RE:RE:RE:RE:RE:To better understand the complexity of ADCsSo here is the link to the full article about PDCs. The only approved one is Lutathera, which was the source of my enthusiasm for this approach used by Thera in SORT1+. That being said, Lutathera is a peptide linked to a radioisotope. The linker is stable and no cleavage within the cell is needed for cytotoxic activity. No PDCs carrying chemotherapy drugs have been approved yet, only ADCs were able to achieve that as of now.
Reading the article and understanding it allow to realize that success of a PDC is linked to many factors. First you need a peptide with high affinity with an overexpressed receptor on cancer cells and low expression elsewhere in healthy tissues. This affinity needs to be preserved after the linkage of one or many drug molecules to the peptide. The peptide also need to allow such linkage of drug molecule. The linker used need to be stable in the bloodstream and outside of cancer cells, but cleavable once inside the cancer cell. The peptide itself need to be stable enough in the blodstream and preserve its structural integrity long enough to have the time to interact with its receptor. So this process involves peptide stability and whole PDC stability, and a fast rate of cell penetration, fast enough to alloe drug internalization before peptide degradation by proteolytic enzymes.

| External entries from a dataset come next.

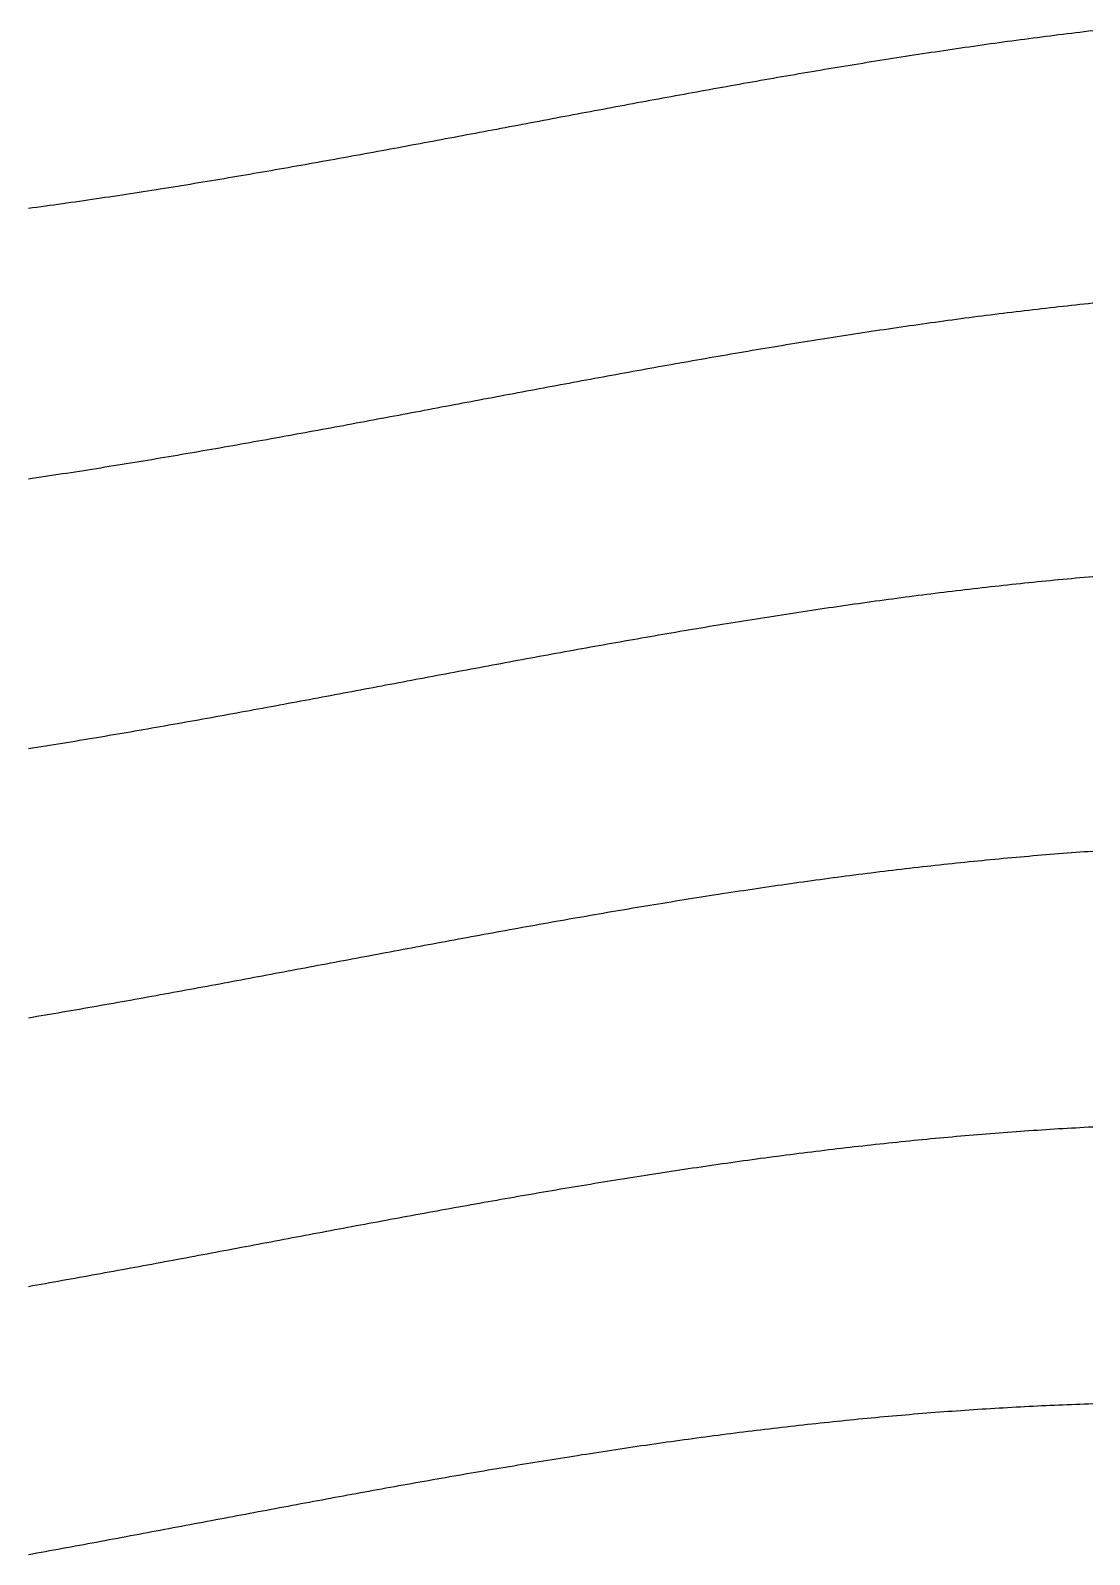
# Model space of a CAD drawing. Header units: millimetres. Extents: x 8 to 88, y 8 to 87.
# Drawn here: x 34.93 to 61.47, y 48.17 to 86.34 of the extents above; entities that cross this region are included whole.
import ezdxf

# ---------------------------------------------------------------- set-up
doc = ezdxf.new("R2010")
doc.units = ezdxf.units.MM
doc.layers.add('STUDY_GUIDES', color=7, linetype='Continuous')

msp = doc.modelspace()

# ---------------------------------------------------------------- linework, layer by layer
at = {"layer": 'STUDY_GUIDES'}
for points in [[(34.88, 81.8932), (34.9867, 81.9075), (35.0933, 81.922), (35.2, 81.9365), (35.3067, 81.9512), (35.4133, 81.9659), (35.52, 81.9807), (35.6267, 81.9957), (35.7333, 82.0107), (35.84, 82.0257), (35.9467, 82.0409), (36.0533, 82.0562), (36.16, 82.0716), (36.2667, 82.087), (36.3733, 82.1025), (36.48, 82.1182), (36.5867, 82.1339), (36.6933, 82.1496), (36.8, 82.1655), (36.9067, 82.1815), (37.0133, 82.1975), (37.12, 82.2136), (37.2267, 82.2298), (37.3333, 82.2461), (37.44, 82.2624), (37.5467, 82.2788), (37.6533, 82.2954), (37.76, 82.3119), (37.8667, 82.3286), (37.9733, 82.3453), (38.08, 82.3621), (38.1867, 82.379), (38.2933, 82.396), (38.4, 82.413), (38.5067, 82.4301), (38.6133, 82.4473), (38.72, 82.4645), (38.8267, 82.4818), (38.9333, 82.4992), (39.04, 82.5166), (39.1467, 82.5341), (39.2533, 82.5517), (39.36, 82.5694), (39.4667, 82.5871), (39.5733, 82.6048), (39.68, 82.6227), (39.7867, 82.6406), (39.8933, 82.6585), (40, 82.6765), (40.1067, 82.6946), (40.2133, 82.7127), (40.32, 82.7309), (40.4267, 82.7492), (40.5333, 82.7675), (40.64, 82.7858), (40.7467, 82.8042), (40.8533, 82.8227), (40.96, 82.8412), (41.0667, 82.8598), (41.1733, 82.8784), (41.28, 82.8971), (41.3867, 82.9158), (41.4933, 82.9346), (41.6, 82.9534), (41.7067, 82.9723), (41.8133, 82.9912), (41.92, 83.0101), (42.0267, 83.0291), (42.1333, 83.0482), (42.24, 83.0673), (42.3467, 83.0864), (42.4533, 83.1056), (42.56, 83.1248), (42.6667, 83.144), (42.7733, 83.1633), (42.88, 83.1827), (42.9867, 83.202), (43.0933, 83.2214), (43.2, 83.2409), (43.3067, 83.2603), (43.4133, 83.2798), (43.52, 83.2994), (43.6267, 83.3189), (43.7333, 83.3385), (43.84, 83.3582), (43.9467, 83.3778), (44.0533, 83.3975), (44.16, 83.4172), (44.2667, 83.4369), (44.3733, 83.4567), (44.48, 83.4765), (44.5867, 83.4963), (44.6933, 83.5161), (44.8, 83.536), (44.9067, 83.5559), (45.0133, 83.5757), (45.12, 83.5957), (45.2267, 83.6156), (45.3333, 83.6355), (45.44, 83.6555), (45.5467, 83.6755), (45.6533, 83.6955), (45.76, 83.7155), (45.8667, 83.7355), (45.9733, 83.7555), (46.08, 83.7756), (46.1867, 83.7956), (46.2933, 83.8157), (46.4, 83.8358), (46.5067, 83.8559), (46.6133, 83.8759), (46.72, 83.896), (46.8267, 83.9161), (46.9333, 83.9362), (47.04, 83.9563), (47.1467, 83.9764), (47.2533, 83.9966), (47.36, 84.0167), (47.4667, 84.0368), (47.5733, 84.0569), (47.68, 84.077), (47.7867, 84.0971), (47.8933, 84.1172), (48, 84.1372), (48.1067, 84.1573), (48.2133, 84.1774), (48.32, 84.1975), (48.4267, 84.2175), (48.5333, 84.2376), (48.64, 84.2576), (48.7467, 84.2776), (48.8533, 84.2977), (48.96, 84.3177), (49.0667, 84.3376), (49.1733, 84.3576), (49.28, 84.3776), (49.3867, 84.3975), (49.4933, 84.4174), (49.6, 84.4373), (49.7067, 84.4572), (49.8133, 84.4771), (49.92, 84.4969), (50.0267, 84.5167), (50.1333, 84.5365), (50.24, 84.5563), (50.3467, 84.576), (50.4533, 84.5958), (50.56, 84.6154), (50.6667, 84.6351), (50.7733, 84.6547), (50.88, 84.6743), (50.9867, 84.6939), (51.0933, 84.7135), (51.2, 84.733), (51.3067, 84.7525), (51.4133, 84.7719), (51.52, 84.7913), (51.6267, 84.8107), (51.7333, 84.83), (51.84, 84.8493), (51.9467, 84.8686), (52.0533, 84.8878), (52.16, 84.907), (52.2667, 84.9262), (52.3733, 84.9453), (52.48, 84.9643), (52.5867, 84.9833), (52.6933, 85.0023), (52.8, 85.0212), (52.9067, 85.0401), (53.0133, 85.059), (53.12, 85.0777), (53.2267, 85.0965), (53.3333, 85.1152), (53.44, 85.1338), (53.5467, 85.1524), (53.6533, 85.1709), (53.76, 85.1894), (53.8667, 85.2079), (53.9733, 85.2262), (54.08, 85.2446), (54.1867, 85.2628), (54.2933, 85.281), (54.4, 85.2992), (54.5067, 85.3173), (54.6133, 85.3353), (54.72, 85.3533), (54.8267, 85.3712), (54.9333, 85.3891), (55.04, 85.4068), (55.1467, 85.4246), (55.2533, 85.4422), (55.36, 85.4598), (55.4667, 85.4774), (55.5733, 85.4948), (55.68, 85.5122), (55.7867, 85.5296), (55.8933, 85.5468), (56, 85.564), (56.1067, 85.5811), (56.2133, 85.5982), (56.32, 85.6152), (56.4267, 85.6321), (56.5333, 85.6489), (56.64, 85.6657), (56.7467, 85.6824), (56.8533, 85.699), (56.96, 85.7155), (57.0667, 85.732), (57.1733, 85.7483), (57.28, 85.7646), (57.3867, 85.7809), (57.4933, 85.797), (57.6, 85.8131), (57.7067, 85.829), (57.8133, 85.8449), (57.92, 85.8607), (58.0267, 85.8765), (58.1333, 85.8921), (58.24, 85.9077), (58.3467, 85.9231), (58.4533, 85.9385), (58.56, 85.9538), (58.6667, 85.9691), (58.7733, 85.9842), (58.88, 85.9992), (58.9867, 86.0142), (59.0933, 86.029), (59.2, 86.0438), (59.3067, 86.0585), (59.4133, 86.073), (59.52, 86.0875), (59.6267, 86.1019), (59.7333, 86.1162), (59.84, 86.1304), (59.9467, 86.1445), (60.0533, 86.1585), (60.16, 86.1724), (60.2667, 86.1863), (60.3733, 86.2), (60.48, 86.2136), (60.5867, 86.2271), (60.6933, 86.2405), (60.8, 86.2539), (60.9067, 86.2671), (61.0133, 86.2802), (61.12, 86.2932), (61.2267, 86.3061), (61.3333, 86.3189), (61.44, 86.3316), (61.5467, 86.3442)], [(34.88, 75.1169), (34.9867, 75.1326), (35.0933, 75.1484), (35.2, 75.1642), (35.3067, 75.1802), (35.4133, 75.1962), (35.52, 75.2123), (35.6267, 75.2285), (35.7333, 75.2448), (35.84, 75.2611), (35.9467, 75.2775), (36.0533, 75.294), (36.16, 75.3106), (36.2667, 75.3273), (36.3733, 75.344), (36.48, 75.3608), (36.5867, 75.3777), (36.6933, 75.3946), (36.8, 75.4117), (36.9067, 75.4287), (37.0133, 75.4459), (37.12, 75.4631), (37.2267, 75.4804), (37.3333, 75.4978), (37.44, 75.5152), (37.5467, 75.5328), (37.6533, 75.5503), (37.76, 75.568), (37.8667, 75.5857), (37.9733, 75.6034), (38.08, 75.6212), (38.1867, 75.6391), (38.2933, 75.6571), (38.4, 75.6751), (38.5067, 75.6932), (38.6133, 75.7113), (38.72, 75.7295), (38.8267, 75.7477), (38.9333, 75.766), (39.04, 75.7844), (39.1467, 75.8028), (39.2533, 75.8212), (39.36, 75.8398), (39.4667, 75.8583), (39.5733, 75.8769), (39.68, 75.8956), (39.7867, 75.9143), (39.8933, 75.9331), (40, 75.9519), (40.1067, 75.9708), (40.2133, 75.9897), (40.32, 76.0086), (40.4267, 76.0276), (40.5333, 76.0467), (40.64, 76.0658), (40.7467, 76.0849), (40.8533, 76.1041), (40.96, 76.1233), (41.0667, 76.1425), (41.1733, 76.1618), (41.28, 76.1811), (41.3867, 76.2005), (41.4933, 76.2199), (41.6, 76.2393), (41.7067, 76.2588), (41.8133, 76.2783), (41.92, 76.2978), (42.0267, 76.3174), (42.1333, 76.337), (42.24, 76.3566), (42.3467, 76.3763), (42.4533, 76.3959), (42.56, 76.4156), (42.6667, 76.4354), (42.7733, 76.4551), (42.88, 76.4749), (42.9867, 76.4947), (43.0933, 76.5146), (43.2, 76.5344), (43.3067, 76.5543), (43.4133, 76.5742), (43.52, 76.5941), (43.6267, 76.614), (43.7333, 76.634), (43.84, 76.6539), (43.9467, 76.6739), (44.0533, 76.6939), (44.16, 76.7139), (44.2667, 76.7339), (44.3733, 76.754), (44.48, 76.774), (44.5867, 76.7941), (44.6933, 76.8141), (44.8, 76.8342), (44.9067, 76.8543), (45.0133, 76.8744), (45.12, 76.8944), (45.2267, 76.9145), (45.3333, 76.9346), (45.44, 76.9547), (45.5467, 76.9749), (45.6533, 76.995), (45.76, 77.0151), (45.8667, 77.0352), (45.9733, 77.0553), (46.08, 77.0754), (46.1867, 77.0955), (46.2933, 77.1156), (46.4, 77.1357), (46.5067, 77.1557), (46.6133, 77.1758), (46.72, 77.1959), (46.8267, 77.2159), (46.9333, 77.236), (47.04, 77.256), (47.1467, 77.2761), (47.2533, 77.2961), (47.36, 77.3161), (47.4667, 77.3361), (47.5733, 77.356), (47.68, 77.376), (47.7867, 77.3959), (47.8933, 77.4158), (48, 77.4357), (48.1067, 77.4556), (48.2133, 77.4755), (48.32, 77.4953), (48.4267, 77.5152), (48.5333, 77.5349), (48.64, 77.5547), (48.7467, 77.5745), (48.8533, 77.5942), (48.96, 77.6139), (49.0667, 77.6336), (49.1733, 77.6532), (49.28, 77.6728), (49.3867, 77.6924), (49.4933, 77.7119), (49.6, 77.7314), (49.7067, 77.7509), (49.8133, 77.7704), (49.92, 77.7898), (50.0267, 77.8092), (50.1333, 77.8285), (50.24, 77.8478), (50.3467, 77.8671), (50.4533, 77.8863), (50.56, 77.9055), (50.6667, 77.9246), (50.7733, 77.9438), (50.88, 77.9628), (50.9867, 77.9818), (51.0933, 78.0008), (51.2, 78.0197), (51.3067, 78.0386), (51.4133, 78.0575), (51.52, 78.0763), (51.6267, 78.095), (51.7333, 78.1137), (51.84, 78.1323), (51.9467, 78.1509), (52.0533, 78.1695), (52.16, 78.188), (52.2667, 78.2064), (52.3733, 78.2248), (52.48, 78.2431), (52.5867, 78.2614), (52.6933, 78.2796), (52.8, 78.2978), (52.9067, 78.3159), (53.0133, 78.3339), (53.12, 78.3519), (53.2267, 78.3698), (53.3333, 78.3876), (53.44, 78.4054), (53.5467, 78.4232), (53.6533, 78.4408), (53.76, 78.4584), (53.8667, 78.476), (53.9733, 78.4935), (54.08, 78.5109), (54.1867, 78.5282), (54.2933, 78.5455), (54.4, 78.5627), (54.5067, 78.5798), (54.6133, 78.5968), (54.72, 78.6138), (54.8267, 78.6307), (54.9333, 78.6476), (55.04, 78.6643), (55.1467, 78.681), (55.2533, 78.6977), (55.36, 78.7142), (55.4667, 78.7307), (55.5733, 78.747), (55.68, 78.7633), (55.7867, 78.7796), (55.8933, 78.7957), (56, 78.8118), (56.1067, 78.8278), (56.2133, 78.8437), (56.32, 78.8595), (56.4267, 78.8752), (56.5333, 78.8909), (56.64, 78.9064), (56.7467, 78.9219), (56.8533, 78.9373), (56.96, 78.9526), (57.0667, 78.9678), (57.1733, 78.983), (57.28, 78.998), (57.3867, 79.013), (57.4933, 79.0278), (57.6, 79.0426), (57.7067, 79.0573), (57.8133, 79.0719), (57.92, 79.0864), (58.0267, 79.1008), (58.1333, 79.1151), (58.24, 79.1293), (58.3467, 79.1434), (58.4533, 79.1574), (58.56, 79.1713), (58.6667, 79.1852), (58.7733, 79.1989), (58.88, 79.2125), (58.9867, 79.2261), (59.0933, 79.2395), (59.2, 79.2528), (59.3067, 79.266), (59.4133, 79.2792), (59.52, 79.2922), (59.6267, 79.3051), (59.7333, 79.3179), (59.84, 79.3306), (59.9467, 79.3432), (60.0533, 79.3557), (60.16, 79.3681), (60.2667, 79.3804), (60.3733, 79.3926), (60.48, 79.4047), (60.5867, 79.4167), (60.6933, 79.4285), (60.8, 79.4403), (60.9067, 79.4519), (61.0133, 79.4634), (61.12, 79.4749), (61.2267, 79.4862), (61.3333, 79.4974), (61.44, 79.5084), (61.5467, 79.5194)], [(34.88, 68.3595), (34.9867, 68.3763), (35.0933, 68.3933), (35.2, 68.4103), (35.3067, 68.4274), (35.4133, 68.4445), (35.52, 68.4618), (35.6267, 68.4791), (35.7333, 68.4964), (35.84, 68.5139), (35.9467, 68.5314), (36.0533, 68.5489), (36.16, 68.5666), (36.2667, 68.5843), (36.3733, 68.602), (36.48, 68.6198), (36.5867, 68.6377), (36.6933, 68.6557), (36.8, 68.6737), (36.9067, 68.6917), (37.0133, 68.7099), (37.12, 68.728), (37.2267, 68.7463), (37.3333, 68.7646), (37.44, 68.7829), (37.5467, 68.8013), (37.6533, 68.8198), (37.76, 68.8383), (37.8667, 68.8569), (37.9733, 68.8755), (38.08, 68.8941), (38.1867, 68.9128), (38.2933, 68.9316), (38.4, 68.9504), (38.5067, 68.9693), (38.6133, 68.9882), (38.72, 69.0071), (38.8267, 69.0261), (38.9333, 69.0452), (39.04, 69.0643), (39.1467, 69.0834), (39.2533, 69.1025), (39.36, 69.1217), (39.4667, 69.141), (39.5733, 69.1603), (39.68, 69.1796), (39.7867, 69.199), (39.8933, 69.2183), (40, 69.2378), (40.1067, 69.2572), (40.2133, 69.2767), (40.32, 69.2963), (40.4267, 69.3158), (40.5333, 69.3354), (40.64, 69.355), (40.7467, 69.3747), (40.8533, 69.3944), (40.96, 69.4141), (41.0667, 69.4338), (41.1733, 69.4536), (41.28, 69.4733), (41.3867, 69.4932), (41.4933, 69.513), (41.6, 69.5328), (41.7067, 69.5527), (41.8133, 69.5726), (41.92, 69.5925), (42.0267, 69.6124), (42.1333, 69.6324), (42.24, 69.6523), (42.3467, 69.6723), (42.4533, 69.6923), (42.56, 69.7123), (42.6667, 69.7323), (42.7733, 69.7524), (42.88, 69.7724), (42.9867, 69.7925), (43.0933, 69.8125), (43.2, 69.8326), (43.3067, 69.8527), (43.4133, 69.8728), (43.52, 69.8929), (43.6267, 69.913), (43.7333, 69.9331), (43.84, 69.9532), (43.9467, 69.9733), (44.0533, 69.9934), (44.16, 70.0135), (44.2667, 70.0336), (44.3733, 70.0537), (44.48, 70.0738), (44.5867, 70.0939), (44.6933, 70.114), (44.8, 70.1341), (44.9067, 70.1541), (45.0133, 70.1742), (45.12, 70.1943), (45.2267, 70.2144), (45.3333, 70.2344), (45.44, 70.2544), (45.5467, 70.2745), (45.6533, 70.2945), (45.76, 70.3145), (45.8667, 70.3345), (45.9733, 70.3544), (46.08, 70.3744), (46.1867, 70.3943), (46.2933, 70.4143), (46.4, 70.4342), (46.5067, 70.4541), (46.6133, 70.4739), (46.72, 70.4938), (46.8267, 70.5136), (46.9333, 70.5334), (47.04, 70.5532), (47.1467, 70.5729), (47.2533, 70.5926), (47.36, 70.6123), (47.4667, 70.632), (47.5733, 70.6516), (47.68, 70.6712), (47.7867, 70.6908), (47.8933, 70.7104), (48, 70.7299), (48.1067, 70.7494), (48.2133, 70.7688), (48.32, 70.7882), (48.4267, 70.8076), (48.5333, 70.827), (48.64, 70.8463), (48.7467, 70.8656), (48.8533, 70.8848), (48.96, 70.904), (49.0667, 70.9231), (49.1733, 70.9422), (49.28, 70.9613), (49.3867, 70.9803), (49.4933, 70.9993), (49.6, 71.0182), (49.7067, 71.0371), (49.8133, 71.056), (49.92, 71.0748), (50.0267, 71.0935), (50.1333, 71.1122), (50.24, 71.1309), (50.3467, 71.1495), (50.4533, 71.168), (50.56, 71.1865), (50.6667, 71.2049), (50.7733, 71.2233), (50.88, 71.2417), (50.9867, 71.2599), (51.0933, 71.2782), (51.2, 71.2963), (51.3067, 71.3144), (51.4133, 71.3325), (51.52, 71.3504), (51.6267, 71.3684), (51.7333, 71.3862), (51.84, 71.404), (51.9467, 71.4218), (52.0533, 71.4394), (52.16, 71.4571), (52.2667, 71.4746), (52.3733, 71.4921), (52.48, 71.5095), (52.5867, 71.5268), (52.6933, 71.5441), (52.8, 71.5613), (52.9067, 71.5784), (53.0133, 71.5955), (53.12, 71.6125), (53.2267, 71.6294), (53.3333, 71.6462), (53.44, 71.663), (53.5467, 71.6797), (53.6533, 71.6963), (53.76, 71.7129), (53.8667, 71.7294), (53.9733, 71.7457), (54.08, 71.7621), (54.1867, 71.7783), (54.2933, 71.7944), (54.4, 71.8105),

One thing that seems to distinguishes Thera's PDC is the vasculomimicry inhibition. I did not read anything similar about other PDC. It would be the only PDC with a possible added anti-cancer activity. We know that Somatostatin analogs like Octreotide or (Tyr3) Octreotide, used in Lutathera, have antiproliferative activity, but only if the dose is sustained over a long time by daily injections of Octreotide or by monthly injections of a long acting version of Octreotide called Sandostatin (LAR), but nothing linked to Lutathera itself, since it is in the bloodstream only for a few hours. That being said, this vasculomimicry inhibition would need to be proven in humans, but if real, maybe in the future they could devise a drug based only on that.
So all that to say that a successful PDC would require a lot of things to be right at the same time. It seems from what we know now that Thera has a good PDC candidate. It works in xenograft animal models. Now its time for the real test in human. I hope the linker is right and that in some ways they will be able to select patients with cancers that are really overexpressing the Sortilin receptor, because without that, as good as the PDC can be, success is impossible. The whole thing is based on Sortilin receptor overexpression.
https://www.ncbi.nlm.nih.gov/pmc/articles/PMC7359416/
jfm1330 wrote: From the same article again. On the importance for Thera to developp asap their peptide coupled with Ga68. It is a common thing in this field an easy to do. Look.
More than 200 reports were published focusing on the investigation of various Bn-like peptides conjugated primarily with radionuclides, including 9mTc, 111In, 67Ga, 68Ga, 64Cu, 177Lu, 90Y or 213Bi, which were either used for tumor diagnostic or peptide receptor radionuclide therapy (PRRT) (Dash et al., 2015).
A number of these studies reported excellent visualization of BnR overexpressing tumors like prostate cancer in vivo as well as in humans (Scopinaro et al., 2002, 2004; van Essen et al., 2009).